Photo: Broadstairs, The Beach 1907.


Bathing machines are lined up on Scarborough's beach at South Bay, overlooked by the imposing bulk of the Grand Hotel which was the largest brick building in Europe when it opened in 1867. It was designed by the Hull architect Cuthbert Brodrick (1821-1905) around the theme of time with 365 bedrooms, 52 chimneys, 12 floors and 4 turrets, representing the number of days, weeks, months and seasons of the year. Scarborough is often claimed to have been the first resort on the north-east coast to introduce bathing machines on to its beach. There is a written record of them being hired out by three ladies in 1797.

Photo: Scarborough, South Bay And The Grand Hotel c.1873.

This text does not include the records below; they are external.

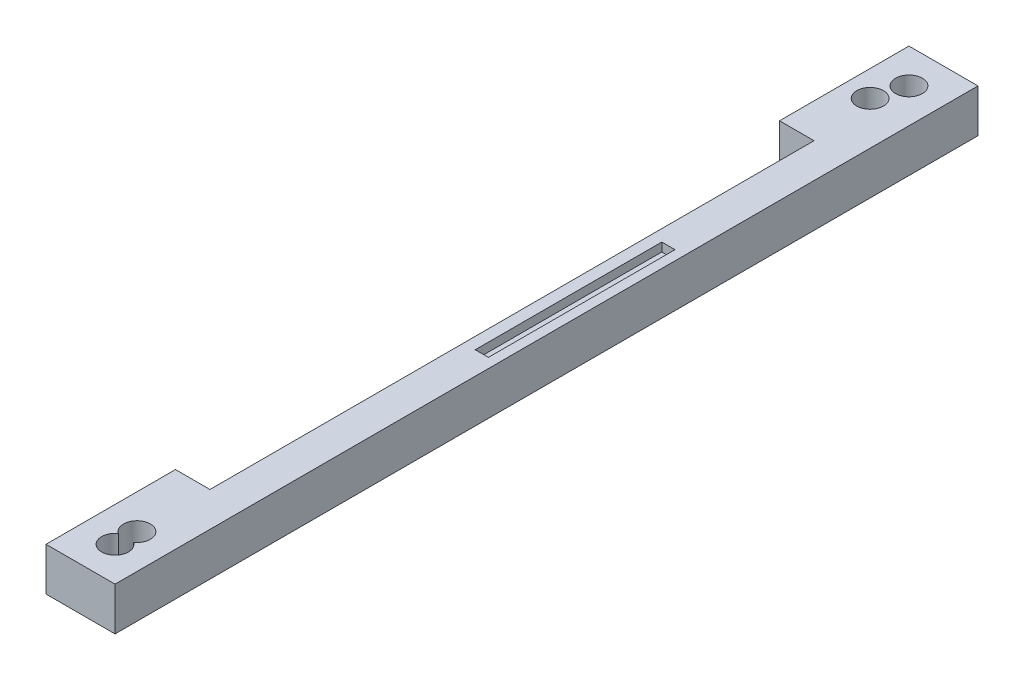
from build123d import *

# Parameters (mm, degrees)
SKETCH1_W      = 8
SKETCH1_H      = 100
EXTRUDE1_DEPTH = 5
SKETCH2_R      = 1.55
EXTRUDE4_DEPTH = 5
SKETCH4_R      = 1.55
EXTRUDE6_DEPTH = 5
SKETCH5_W      = 4
SKETCH5_H      = 70
EXTRUDE7_DEPTH = 5
SKETCH6_W      = 1.530516358
SKETCH6_H      = 21.618543552
EXTRUDE8_DEPTH = 1


with BuildPart() as part:
    # Sketch1 → Extrude1 (new body)
    with BuildSketch(Plane(origin=(0, 0, 0), x_dir=(1, 0, 0), z_dir=(0, 1, 0))):
        Rectangle(SKETCH1_W, SKETCH1_H)
    extrude(amount=EXTRUDE1_DEPTH)

    # Sketch2 → Extrude4 (cut)
    with BuildSketch(Plane(origin=(0, 5, 0), x_dir=(1, 0, 0), z_dir=(0, 1, 0))):
        with Locations(Location((0, -46, 0), (0, 0, 270))):
            Circle(SKETCH2_R)
    extrude(amount=-EXTRUDE4_DEPTH, mode=Mode.SUBTRACT)

    # Sketch4 → Extrude6 (cut)
    with BuildSketch(Plane(origin=(0, 5, 0), x_dir=(1, 0, 0), z_dir=(0, 1, 0))):
        with Locations((0, -43.46)):
            Circle(SKETCH4_R)
        with Locations((0, -46)):
            Circle(SKETCH4_R)
        with Locations(Location((-1, 42.5, 0), (0, 0, 270))):
            Circle(SKETCH4_R)
        with Locations(Location((0, 46, 0), (0, 0, 270))):
            Circle(SKETCH4_R)
    extrude(amount=-EXTRUDE6_DEPTH, mode=Mode.SUBTRACT)

    # Sketch5 → Extrude7 (cut)
    with BuildSketch(Plane(origin=(0, 5, 0), x_dir=(1, 0, 0), z_dir=(0, 1, 0))):
        with Locations((-2, 0)):
            Rectangle(SKETCH5_W, SKETCH5_H)
    extrude(amount=-EXTRUDE7_DEPTH, mode=Mode.SUBTRACT)

    # Sketch6 → Extrude8 (cut)
    with BuildSketch(Plane(origin=(0, 5, 0), x_dir=(1, 0, 0), z_dir=(0, 1, 0))):
        with Locations((2.112618746, 5.201364346)):
            Rectangle(SKETCH6_W, SKETCH6_H)
    extrude(amount=-EXTRUDE8_DEPTH, mode=Mode.SUBTRACT)


solid = part.part

Since medieval times a trading and fishing port, Redcar became a holiday resort in the 19th century thanks to its beautiful beach. "As a watering-place, Redcar dates from 1842, since when it has progressed at quite an extraordinary rate, and certainly owes much to its magnificent sweep of sands", declared a late Victorian guidebook to British resorts. "The sands of Redcar can nowhere be surpassed in extent, being ten miles in length and a mile broad at low water. They have been characterized as 'smooth as velvet', yet so firm that neither horse nor man leave their imprint on them as they tread the strand." In this photograph, gentlemen, perhaps fishermen, sit at the side of a coble at Redcar watching the children approaching the beach donkeys and their masters. If the children have a 1/2d they will be able to have a ride up and down the beach. In the background, bathing machines are dotted around the beach. Bathing machines were introduced here at Redcar in the 18th century by Sir Charles Turner, a landowner of nearby Kirkleatham, following the trend started in Scarborough.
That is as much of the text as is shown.